Give the count of lines below that include the word "HIDDEN", and say nothing else.

> **Material for the task**:
--- START ---

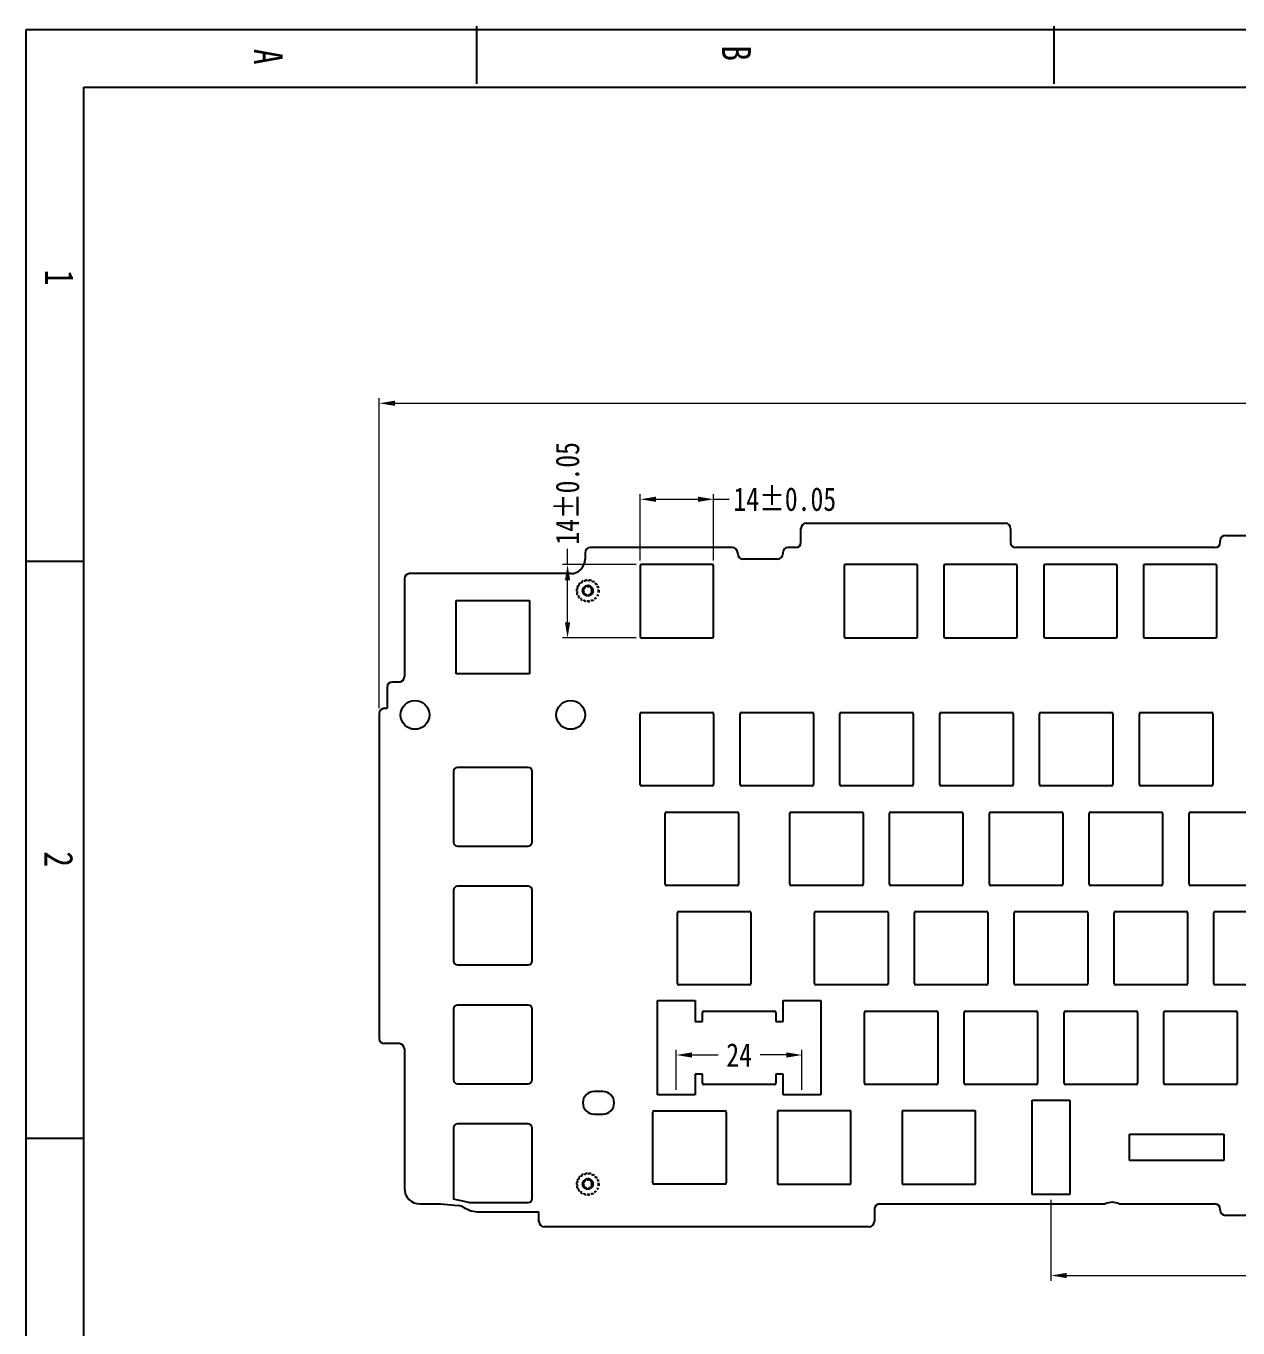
# Model space of a CAD drawing. Header units: inches. Extents: x 74 to 1479, y 13 to 437.
# Drawn here: x 74.1 to 305.4, y 188.1 to 436.5 of the extents above; entities that cross this region are included whole.
import ezdxf

# ---------------------------------------------------------------- set-up
doc = ezdxf.new("R2010")
doc.units = ezdxf.units.IN
doc.header["$LTSCALE"] = 1.21
doc.header["$MEASUREMENT"] = 0
doc.header["$PDMODE"] = 3
doc.header["$PDSIZE"] = 0.3125
doc.linetypes.add('HIDDEN', pattern=[0.2, 0.1, -0.1])
doc.layers.get('0').update_dxf_attribs({"linetype": 'CONTINUOUS'})
doc.layers.get('Defpoints').update_dxf_attribs({"linetype": 'CONTINUOUS'})
doc.layers.add('DEFAULT_2', color=8, linetype='HIDDEN')
doc.styles.get("Standard").update_dxf_attribs({"font": 'txt', "width": 0.8})
doc.dimstyles.new('YanXiu', dxfattribs={"dimscale": 1.5, "dimtxt": 3, "dimasz": 2, "dimexe": 0.66, "dimexo": 0.66, "dimgap": 0.66, "dimtad": 0, "dimdsep": 46, "dimtxsty": 'STANDARD', "dimcen": 0, "dimclrd": 3, "dimclre": 6, "dimclrt": 3, "dimazin": 2, "dimtm": 1e-09, "dimtfac": 1, "dimtofl": 0, "dimtmove": 0, "dimatfit": 3, "dimfxl": 1, "dimlwd": 5, "dimlwe": 5, "dimarcsym": 0})

# ---------------------------------------------------------------- blocks, each defined once
blk = doc.blocks.new('*D3')
at = {"color": 6, "lineweight": 5}
for p, q in [((141.55, 306.31), (141.55, 365.51)), ((546.5, 306.31), (546.5, 365.51))]:
    blk.add_line(p, q, dxfattribs=at)
at = {"color": 3, "lineweight": 5}
for p, q in [((144.55, 364.52), (327.43, 364.52)), ((543.5, 364.52), (360.61, 364.52))]:
    blk.add_line(p, q, dxfattribs=at)
at = {"color": 3}
for points in [[(144.55, 365.02), (144.55, 364.02), (141.55, 364.52)], [(543.5, 365.02), (543.5, 364.02), (546.5, 364.52)]]:
    blk.add_solid(points, dxfattribs=at)
at = {"layer": 'Defpoints', "color": 0}
for p in [(141.55, 364.52), (141.55, 305.32), (546.5, 305.32)]:
    blk.add_point(p, dxfattribs=at)
at = {"color": 3, "insert": (344.02, 364.52), "char_height": 4.5, "attachment_point": 5}
blk.add_mtext('404.95%%P0.15', dxfattribs=at)
blk = doc.blocks.new('*D5')
at = {"color": 6, "lineweight": 5}
for p, q in [((191.35, 334.53), (191.35, 347.19)), ((205.35, 334.53), (205.35, 347.19))]:
    blk.add_line(p, q, dxfattribs=at)
at = {"color": 3, "lineweight": 5}
for p, q in [((194.35, 346.2), (202.35, 346.2)), ((205.35, 346.2), (208.35, 346.2))]:
    blk.add_line(p, q, dxfattribs=at)
at = {"color": 3}
for points in [[(194.35, 346.7), (194.35, 345.7), (191.35, 346.2)], [(202.35, 346.7), (202.35, 345.7), (205.35, 346.2)]]:
    blk.add_solid(points, dxfattribs=at)
at = {"layer": 'Defpoints', "color": 0}
for p in [(205.35, 346.2), (191.35, 333.54), (205.35, 333.54)]:
    blk.add_point(p, dxfattribs=at)
at = {"color": 3, "insert": (218.94, 346.2), "char_height": 4.5, "attachment_point": 5}
blk.add_mtext('14%%P0.05', dxfattribs=at)
blk = doc.blocks.new('*D6')
at = {"color": 3, "lineweight": 5}
for p, q in [((177.48, 333.74), (177.48, 336.74)), ((177.48, 322.74), (177.48, 330.74))]:
    blk.add_line(p, q, dxfattribs=at)
at = {"color": 6, "lineweight": 5}
for p, q in [((190.56, 333.74), (176.49, 333.74)), ((190.56, 319.74), (176.49, 319.74))]:
    blk.add_line(p, q, dxfattribs=at)
at = {"color": 3}
for points in [[(176.98, 330.74), (177.98, 330.74), (177.48, 333.74)], [(176.98, 322.74), (177.98, 322.74), (177.48, 319.74)]]:
    blk.add_solid(points, dxfattribs=at)
at = {"layer": 'Defpoints', "color": 0}
for p in [(191.55, 333.74), (177.48, 319.74), (191.55, 319.74)]:
    blk.add_point(p, dxfattribs=at)
at = {"color": 3, "insert": (177.48, 347.33), "char_height": 4.5, "attachment_point": 5, "rotation": 90}
blk.add_mtext('14%%P0.05', dxfattribs=at)
blk = doc.blocks.new('*D8')
at = {"color": 6, "lineweight": 5}
for p, q in [((198.22, 233.51), (198.22, 241.14)), ((222.21, 233.51), (222.21, 241.14))]:
    blk.add_line(p, q, dxfattribs=at)
at = {"color": 3, "lineweight": 5}
for p, q in [((201.22, 240.15), (206.23, 240.15)), ((219.21, 240.15), (214.21, 240.15))]:
    blk.add_line(p, q, dxfattribs=at)
at = {"color": 3}
for points in [[(201.22, 240.65), (201.22, 239.65), (198.22, 240.15)], [(219.21, 240.65), (219.21, 239.65), (222.21, 240.15)]]:
    blk.add_solid(points, dxfattribs=at)
at = {"layer": 'Defpoints', "color": 0}
for p in [(222.21, 240.15), (198.22, 232.52), (222.21, 232.52)]:
    blk.add_point(p, dxfattribs=at)
at = {"color": 3, "insert": (210.22, 240.15), "char_height": 4.5, "attachment_point": 5}
blk.add_mtext('24', dxfattribs=at)
blk = doc.blocks.new('*D9')
at = {"color": 6, "lineweight": 5}
for p, q in [((269.73, 212.53), (269.73, 197.08)), ((369.73, 212.53), (369.73, 197.08))]:
    blk.add_line(p, q, dxfattribs=at)
at = {"color": 3, "lineweight": 5}
for p, q in [((272.73, 198.07), (315.14, 198.07)), ((366.73, 198.07), (324.32, 198.07))]:
    blk.add_line(p, q, dxfattribs=at)
at = {"color": 3}
for points in [[(272.73, 198.57), (272.73, 197.57), (269.73, 198.07)], [(366.73, 198.57), (366.73, 197.57), (369.73, 198.07)]]:
    blk.add_solid(points, dxfattribs=at)
at = {"layer": 'Defpoints', "color": 0}
for p in [(269.73, 213.52), (369.73, 213.52), (369.73, 198.07)]:
    blk.add_point(p, dxfattribs=at)
at = {"color": 3, "insert": (319.73, 198.07), "char_height": 4.5, "attachment_point": 5}
blk.add_mtext('100', dxfattribs=at)

msp = doc.modelspace()

# ---------------------------------------------------------------- linework, layer by layer
at = {"color": 7, "linetype": 'Continuous'}
for p, q in [((74.149, 12.755), (74.149, 435.823)), ((74.149, 435.823), (716.895, 435.823)), ((160.197, 425.507), (160.197, 436.513)), ((270.256, 436.513), (270.256, 425.507)), ((85.154, 12.755), (85.154, 424.818)), ((85.154, 424.818), (716.895, 424.818)), ((222.021, 337.987), (222.021, 340.637)), ((223.021, 341.637), (261.021, 341.637)), ((262.021, 340.637), (262.021, 337.987)), ((302.021, 337.987), (302.021, 338.312)), ((303.021, 339.312), (311.721, 339.312)), ((180.828, 335.987), (180.828, 334.759)), ((208.946, 336.987), (181.828, 336.987)), ((209.946, 335.787), (209.946, 335.987)), ((218.546, 335.987), (218.546, 335.787)), ((221.021, 336.987), (219.546, 336.987)), ((301.021, 336.987), (263.021, 336.987)), ((85.154, 334.349), (74.149, 334.349)), ((191.346, 333.493), (191.346, 319.993)), ((205.096, 333.743), (191.596, 333.743)), ((205.346, 319.993), (205.346, 333.493)), ((217.546, 334.787), (210.946, 334.787)), ((230.246, 333.493), (230.246, 319.993)), ((243.996, 333.743), (230.496, 333.743)), ((244.246, 319.993), (244.246, 333.493)), ((249.296, 333.493), (249.296, 319.993)), ((263.046, 333.743), (249.546, 333.743)), ((263.296, 319.993), (263.296, 333.493)), ((268.346, 333.493), (268.346, 319.993)), ((282.096, 333.743), (268.596, 333.743)), ((282.346, 319.993), (282.346, 333.493)), ((287.396, 333.493), (287.396, 319.993)), ((301.146, 333.743), (287.646, 333.743)), ((301.396, 319.993), (301.396, 333.493)), ((146.346, 331.009), (146.346, 312.318)), ((178.078, 332.009), (147.346, 332.009)), ((156.226, 312.903), (156.226, 326.903)), ((156.226, 326.903), (170.226, 326.903)), ((170.226, 326.903), (170.226, 312.903)), ((191.596, 319.743), (205.096, 319.743)), ((230.496, 319.743), (243.996, 319.743)), ((249.546, 319.743), (263.046, 319.743)), ((268.596, 319.743), (282.096, 319.743)), ((287.646, 319.743), (301.146, 319.743)), ((145.346, 311.318), (144.046, 311.318)), ((170.226, 312.903), (156.226, 312.903)), ((143.046, 310.318), (143.046, 306.318)), ((142.546, 306.318), (143.046, 306.318)), ((141.546, 305.318), (141.546, 243.318)), ((191.346, 291.753), (191.346, 305.253)), ((191.596, 305.503), (205.096, 305.503)), ((205.346, 305.253), (205.346, 291.753)), ((210.396, 291.753), (210.396, 305.253)), ((210.646, 305.503), (224.146, 305.503)), ((224.396, 305.253), (224.396, 291.753)), ((229.446, 291.753), (229.446, 305.253)), ((229.696, 305.503), (243.196, 305.503)), ((243.446, 305.253), (243.446, 291.753)), ((248.496, 291.753), (248.496, 305.253)), ((248.746, 305.503), (262.246, 305.503)), ((262.496, 305.253), (262.496, 291.753)), ((267.546, 291.753), (267.546, 305.253)), ((267.796, 305.503), (281.296, 305.503)), ((281.546, 305.253), (281.546, 291.753)), ((286.596, 291.753), (286.596, 305.253)), ((286.846, 305.503), (300.346, 305.503)), ((300.596, 305.253), (300.596, 291.753)), ((155.726, 294.283), (155.726, 280.783)), ((169.976, 295.033), (156.476, 295.033)), ((170.726, 280.783), (170.726, 294.283)), ((205.096, 291.503), (191.596, 291.503)), ((224.146, 291.503), (210.646, 291.503)), ((243.196, 291.503), (229.696, 291.503)), ((262.246, 291.503), (248.746, 291.503)), ((281.296, 291.503), (267.796, 291.503)), ((300.346, 291.503), (286.846, 291.503)), ((196.096, 272.753), (196.096, 286.253)), ((196.346, 286.503), (209.846, 286.503)), ((210.096, 286.253), (210.096, 272.753)), ((219.881, 272.768), (219.881, 286.268)), ((220.131, 286.518), (233.631, 286.518)), ((233.881, 286.268), (233.881, 272.768)), ((238.931, 272.768), (238.931, 286.268)), ((239.181, 286.518), (252.681, 286.518)), ((252.931, 286.268), (252.931, 272.768)), ((257.981, 272.768), (257.981, 286.268)), ((258.231, 286.518), (271.731, 286.518)), ((271.981, 286.268), (271.981, 272.768)), ((277.031, 272.768), (277.031, 286.268)), ((277.281, 286.518), (290.781, 286.518)), ((291.031, 286.268), (291.031, 272.768)), ((296.081, 272.768), (296.081, 286.268)), ((296.331, 286.518), (309.831, 286.518)), ((156.476, 280.033), (169.976, 280.033)), ((155.726, 271.603), (155.726, 258.103)), ((169.976, 272.353), (156.476, 272.353)), ((170.726, 258.103), (170.726, 271.603)), ((209.846, 272.503), (196.346, 272.503)), ((233.631, 272.518), (220.131, 272.518)), ((252.681, 272.518), (239.181, 272.518)), ((271.731, 272.518), (258.231, 272.518)), ((290.781, 272.518), (277.281, 272.518)), ((309.831, 272.518), (296.331, 272.518)), ((198.471, 253.768), (198.471, 267.268)), ((198.721, 267.518), (212.221, 267.518)), ((212.471, 267.268), (212.471, 253.768)), ((224.631, 253.768), (224.631, 267.268)), ((224.881, 267.518), (238.381, 267.518)), ((238.631, 267.268), (238.631, 253.768)), ((243.681, 253.768), (243.681, 267.268)), ((243.931, 267.518), (257.431, 267.518)), ((257.681, 267.268), (257.681, 253.768)), ((262.731, 253.768), (262.731, 267.268)), ((262.981, 267.518), (276.481, 267.518)), ((276.731, 267.268), (276.731, 253.768)), ((281.781, 253.768), (281.781, 267.268)), ((282.031, 267.518), (295.531, 267.518)), ((295.781, 267.268), (295.781, 253.768)), ((300.831, 253.768), (300.831, 267.268)), ((301.081, 267.518), (314.581, 267.518)), ((156.476, 257.353), (169.976, 257.353)), ((212.221, 253.518), (198.721, 253.518)), ((238.381, 253.518), (224.881, 253.518)), ((257.431, 253.518), (243.931, 253.518)), ((276.481, 253.518), (262.981, 253.518)), ((295.531, 253.518), (282.031, 253.518)), ((314.581, 253.518), (301.081, 253.518)), ((155.726, 248.923), (155.726, 235.423)), ((169.976, 249.673), (156.476, 249.673)), ((170.726, 235.423), (170.726, 248.923)), ((194.617, 232.518), (194.617, 250.518)), ((194.617, 250.518), (201.817, 250.518)), ((201.817, 250.518), (201.817, 246.518)), ((203.471, 248.518), (216.971, 248.518)), ((218.614, 246.518), (218.614, 250.518)), ((218.614, 250.518), (225.814, 250.518)), ((225.814, 250.518), (225.814, 232.518)), ((234.381, 248.518), (247.881, 248.518)), ((253.431, 248.518), (266.931, 248.518)), ((272.481, 248.518), (285.981, 248.518)), ((291.531, 248.518), (305.031, 248.518)), ((201.817, 246.518), (203.221, 246.518)), ((203.221, 246.518), (203.221, 248.268)), ((217.221, 248.268), (217.221, 246.518)), ((217.221, 246.518), (218.614, 246.518)), ((234.131, 234.768), (234.131, 248.268)), ((248.131, 248.268), (248.131, 234.768)), ((253.181, 234.768), (253.181, 248.268)), ((267.181, 248.268), (267.181, 234.768)), ((272.231, 234.768), (272.231, 248.268)), ((286.231, 248.268), (286.231, 234.768)), ((291.281, 234.768), (291.281, 248.268)), ((305.281, 248.268), (305.281, 234.768)), ((145.346, 242.318), (142.546, 242.318)), ((146.346, 241.318), (146.346, 214.718)), ((201.817, 236.518), (201.817, 232.518)), ((203.221, 236.518), (201.817, 236.518)), ((203.221, 234.768), (203.221, 236.518)), ((217.221, 236.518), (217.221, 234.768)), ((218.614, 236.518), (217.221, 236.518)), ((218.614, 232.518), (218.614, 236.518)), ((156.476, 234.673), (169.976, 234.673)), ((216.971, 234.518), (203.471, 234.518)), ((247.881, 234.518), (234.381, 234.518)), ((266.931, 234.518), (253.431, 234.518)), ((285.981, 234.518), (272.481, 234.518)), ((305.031, 234.518), (291.531, 234.518)), ((184.236, 233.153), (182.536, 233.153)), ((201.817, 232.518), (194.617, 232.518)), ((225.814, 232.518), (218.614, 232.518)), ((266.126, 213.518), (266.126, 231.518)), ((266.126, 231.518), (273.326, 231.518)), ((273.326, 231.518), (273.326, 213.518)), ((182.536, 228.853), (184.236, 228.853)), ((193.756, 215.768), (193.756, 229.268)), ((194.006, 229.518), (207.506, 229.518)), ((207.756, 229.268), (207.756, 215.768)), ((217.556, 229.518), (217.556, 215.518)), ((231.556, 229.518), (217.556, 229.518)), ((231.556, 215.518), (231.556, 229.518)), ((241.356, 229.518), (241.356, 215.518)), ((255.356, 229.518), (241.356, 229.518)), ((255.356, 215.518), (255.356, 229.518)), ((155.726, 226.243), (155.726, 212.667)), ((169.976, 226.993), (156.476, 226.993)), ((170.726, 212.743), (170.726, 226.243)), ((74.149, 224.289), (85.154, 224.289)), ((284.726, 220.018), (284.726, 225.018)), ((284.726, 225.018), (302.726, 225.018)), ((302.726, 225.018), (302.726, 220.018)), ((302.726, 220.018), (284.726, 220.018)), ((207.506, 215.518), (194.006, 215.518)), ((217.556, 215.518), (231.556, 215.518)), ((241.356, 215.518), (255.356, 215.518)), ((149.346, 211.718), (153.226, 211.718)), ((153.226, 211.718), (156.621, 211.426)), ((158.64, 211.993), (169.976, 211.993)), ((237.021, 211.718), (280.064, 211.718)), ((273.326, 213.518), (266.126, 213.518)), ((282.748, 211.718), (301.021, 211.718)), ((160.628, 210.218), (172.021, 210.218)), ((172.021, 208.368), (172.021, 210.218)), ((236.021, 210.718), (236.021, 208.368)), ((302.021, 210.543), (302.021, 210.718)), ((311.721, 209.543), (303.021, 209.543)), ((235.021, 207.368), (173.021, 207.368))]:
    msp.add_line(p, q, dxfattribs=at)
msp.add_line((158.64, 211.993), (155.726, 212.667))
for centre in [(148.374, 305.05), (178.078, 305.05)]:
    msp.add_circle(centre, 2.75, dxfattribs=at)
for centre, radius, start, end in [((223.021, 340.637), 1, 90, 180), ((261.021, 340.637), 1, 0, 90), ((221.021, 337.987), 1, 270, 0), ((263.021, 337.987), 1, 180, 270), ((301.021, 337.987), 1, 270, 0), ((303.021, 338.312), 1, 90, 180), ((181.828, 335.987), 1, 90, 180), ((208.946, 335.987), 1, 0, 90), ((210.946, 335.787), 1, 180, 270), ((217.546, 335.787), 1, 270, 0), ((219.546, 335.987), 1, 90, 180), ((178.078, 334.759), 2.75, 270, 0), ((191.596, 333.493), 0.25, 90, 180), ((205.096, 333.493), 0.25, 0, 90), ((230.496, 333.493), 0.25, 90, 180), ((243.996, 333.493), 0.25, 0, 90), ((249.546, 333.493), 0.25, 90, 180), ((263.046, 333.493), 0.25, 0, 90), ((268.596, 333.493), 0.25, 90, 180), ((282.096, 333.493), 0.25, 0, 90), ((287.646, 333.493), 0.25, 90, 180), ((301.146, 333.493), 0.25, 0, 90), ((147.346, 331.009), 1, 90, 180), ((191.596, 319.993), 0.25, 180, 270), ((205.096, 319.993), 0.25, 270, 0), ((230.496, 319.993), 0.25, 180, 270), ((243.996, 319.993), 0.25, 270, 0), ((249.546, 319.993), 0.25, 180, 270), ((263.046, 319.993), 0.25, 270, 0), ((268.596, 319.993), 0.25, 180, 270), ((282.096, 319.993), 0.25, 270, 0), ((287.646, 319.993), 0.25, 180, 270), ((301.146, 319.993), 0.25, 270, 0), ((144.046, 310.318), 1, 90, 180), ((145.346, 312.318), 1, 270, 0), ((142.546, 305.318), 1, 90, 180), ((191.596, 305.253), 0.25, 90, 180), ((205.096, 305.253), 0.25, 0, 90), ((210.646, 305.253), 0.25, 90, 180), ((224.146, 305.253), 0.25, 0, 90), ((229.696, 305.253), 0.25, 90, 180), ((243.196, 305.253), 0.25, 0, 90), ((248.746, 305.253), 0.25, 90, 180), ((262.246, 305.253), 0.25, 0, 90), ((267.796, 305.253), 0.25, 90, 180), ((281.296, 305.253), 0.25, 0, 90), ((286.846, 305.253), 0.25, 90, 180), ((300.346, 305.253), 0.25, 0, 90), ((156.476, 294.283), 0.75, 90, 180), ((169.976, 294.283), 0.75, 0, 90), ((191.596, 291.753), 0.25, 180, 270), ((205.096, 291.753), 0.25, 270, 0), ((210.646, 291.753), 0.25, 180, 270), ((224.146, 291.753), 0.25, 270, 0), ((229.696, 291.753), 0.25, 180, 270), ((243.196, 291.753), 0.25, 270, 0), ((248.746, 291.753), 0.25, 180, 270), ((262.246, 291.753), 0.25, 270, 0), ((267.796, 291.753), 0.25, 180, 270), ((281.296, 291.753), 0.25, 270, 0), ((286.846, 291.753), 0.25, 180, 270), ((300.346, 291.753), 0.25, 270, 0), ((196.346, 286.253), 0.25, 90, 180), ((209.846, 286.253), 0.25, 0, 90), ((220.131, 286.268), 0.25, 90, 180), ((233.631, 286.268), 0.25, 0, 90), ((239.181, 286.268), 0.25, 90, 180), ((252.681, 286.268), 0.25, 0, 90), ((258.231, 286.268), 0.25, 90, 180), ((271.731, 286.268), 0.25, 0, 90), ((277.281, 286.268), 0.25, 90, 180), ((290.781, 286.268), 0.25, 0, 90), ((296.331, 286.268), 0.25, 90, 180), ((156.476, 280.783), 0.75, 180, 270), ((169.976, 280.783), 0.75, 270, 0), ((156.476, 271.603), 0.75, 90, 180), ((169.976, 271.603), 0.75, 0, 90), ((196.346, 272.753), 0.25, 180, 270), ((209.846, 272.753), 0.25, 270, 0), ((220.131, 272.768), 0.25, 180, 270), ((233.631, 272.768), 0.25, 270, 0), ((239.181, 272.768), 0.25, 180, 270), ((252.681, 272.768), 0.25, 270, 0), ((258.231, 272.768), 0.25, 180, 270), ((271.731, 272.768), 0.25, 270, 0), ((277.281, 272.768), 0.25, 180, 270), ((290.781, 272.768), 0.25, 270, 0), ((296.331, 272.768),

--- END ---

> **Reply**:
2